Now, to get all the columns from the customer table, we use the keyword SELECT and specify the column names that we are interested in. We can use the * symbol to fetch all the columns from the table. To connect to a table, the keyword FROM is used which comes after the SELECT keyword.
SELECT * FROM customer;
To get specific columns from the customer table.
SELECT first_name, last_name FROM customer;
In spreadsheets, we would have used filters similar to that in SQL there are filters to query. For instance, if you want to look only for emails that have the first name as ‘Sai’, the keyword that should be used is WHERE. WHERE should be used after the FROM command.
SELECT email FROM customer WHERE first_name='Sai';
To get all the emails of the customer whose first name is ‘Sai’ and the last name is ‘Kumar’, we use a keyword called AND which is a logical operator similar to OR, and NOT. You can learn more about logical operators in SQL.
SELECT email FROM customer WHERE first_name='Sai' AND last_name='Kumar';
To get all the emails of the customer whose first name is ‘Sai’ or the last name is ‘Kumar’.

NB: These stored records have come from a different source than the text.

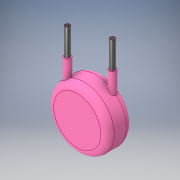
# Autodesk Inventor part: 9mm_5mm_MOV
Saved by Autodesk Inventor 2016 (Build 200138000, 138)
## iProperties
Created: 2016-09-30
Part Number: 9mm_5mm_MOV
Material: Generic
Document SubType Name: Modeling
Designer: jfixelle
Density: 1 g/cm^3
Appearance: Pink
Author: jfixelle
Autodesk Inventor part; units mm, degrees
ref_plane "YZ Plane" through (0, 0, 0) normal (1, 0, 0) x (0, 1, 0)
ref_plane "XZ Plane" through (0, 0, 0) normal (0, 1, 0) x (-1, 0, 0)
ref_plane "XY Plane" through (0, 0, 0) normal (0, 0, 1) x (1, 0, 0)
sketch "Sketch1" plane through (0, 0, 0) normal (0, 0, 1) x (1, 0, 0)
  circle A0 centre (0, 0) radius 4.5
  dimension "d0" = 9
  constraints: 1 centre point, 1 coincident
  measures "d0" diameter of A0
extrude "Extrusion1" add sketch "Sketch1" along normal mid plane 3.8
fillet "Fillet1" radius 1 2 edges at (-4.5, 0, 1.9) (-4.5, 0, -1.9)
sketch "Sketch2" plane through (0, 0, 0) normal (0, 1, 0) x (-1, 0, 0)
  circle A0 centre (-2.5, -0.85) radius 0.5
  circle A1 centre (2.5, 0.85) radius 0.5
  point P0 (0, 0)
  dimension "d4" = 2.5
  dimension "d5" = 2.5
  dimension "d8" = 1
  dimension "d9" = 1
  dimension "d12" = 0.85
  dimension "d13" = 0.85
  constraints: 2 centre point
  measures "d4" horizontal distance of point (0, 0) A0.centre
  measures "d5" horizontal distance of A1.centre point (0, 0)
  measures "d8" diameter of A1
  measures "d9" diameter of A0
  measures "d12" vertical distance of point (0, 0) A0.centre
  measures "d13" vertical distance of point (0, 0) A1.centre
extrude "Extrusion2" add sketch "Sketch2" along normal blind 6.5
sketch "Sketch3" plane through (2.5, 6.5, -0.85) normal (0, 1, 0) x (1, 0, 0)
  circle A0 centre (-5, -1.7) radius 0.35
  circle A1 centre (0, 0) radius 0.35
  point P0 (-2.5, -0.85)
  dimension "d14" = 0.85
  dimension "d15" = 0.85
  dimension "d16" = 2.5
  dimension "d17" = 2.5
  dimension "d18" = 0.7
  dimension "d19" = 0.7
  constraints: 2 centre point
  measures "d14" vertical distance of point (-2.5, -0.85) A1.centre
  measures "d15" vertical distance of point (-2.5, -0.85) A0.centre
  measures "d16" horizontal distance of point (-2.5, -0.85) A0.centre
  measures "d17" horizontal distance of A1.centre point (-2.5, -0.85)
  measures "d18" diameter of A1
  measures "d19" diameter of A0
extrude "Extrusion3" add sketch "Sketch3" along normal blind 4
body "Solid1"

SELECT email FROM customer WHERE first_name='Sai' OR last_name='Kumar';
To arrange the data in ascending or descending order use the ORDER BY keyword followed by the column name based on which the entire table would be ordered. To arrange is ascending use ASC and for descending DESC. By default, if you don’t specify the order, it will sort the column in ascending order. ORDER BY always comes at the tail end of the query.
To get the list of customer ids and arrange them in ascending order of their transaction date.
SELECT customer_id FROM customer ORDER BY transaction_date ASC;
To get the list of customer ids and arrange them in descending order of their transaction date.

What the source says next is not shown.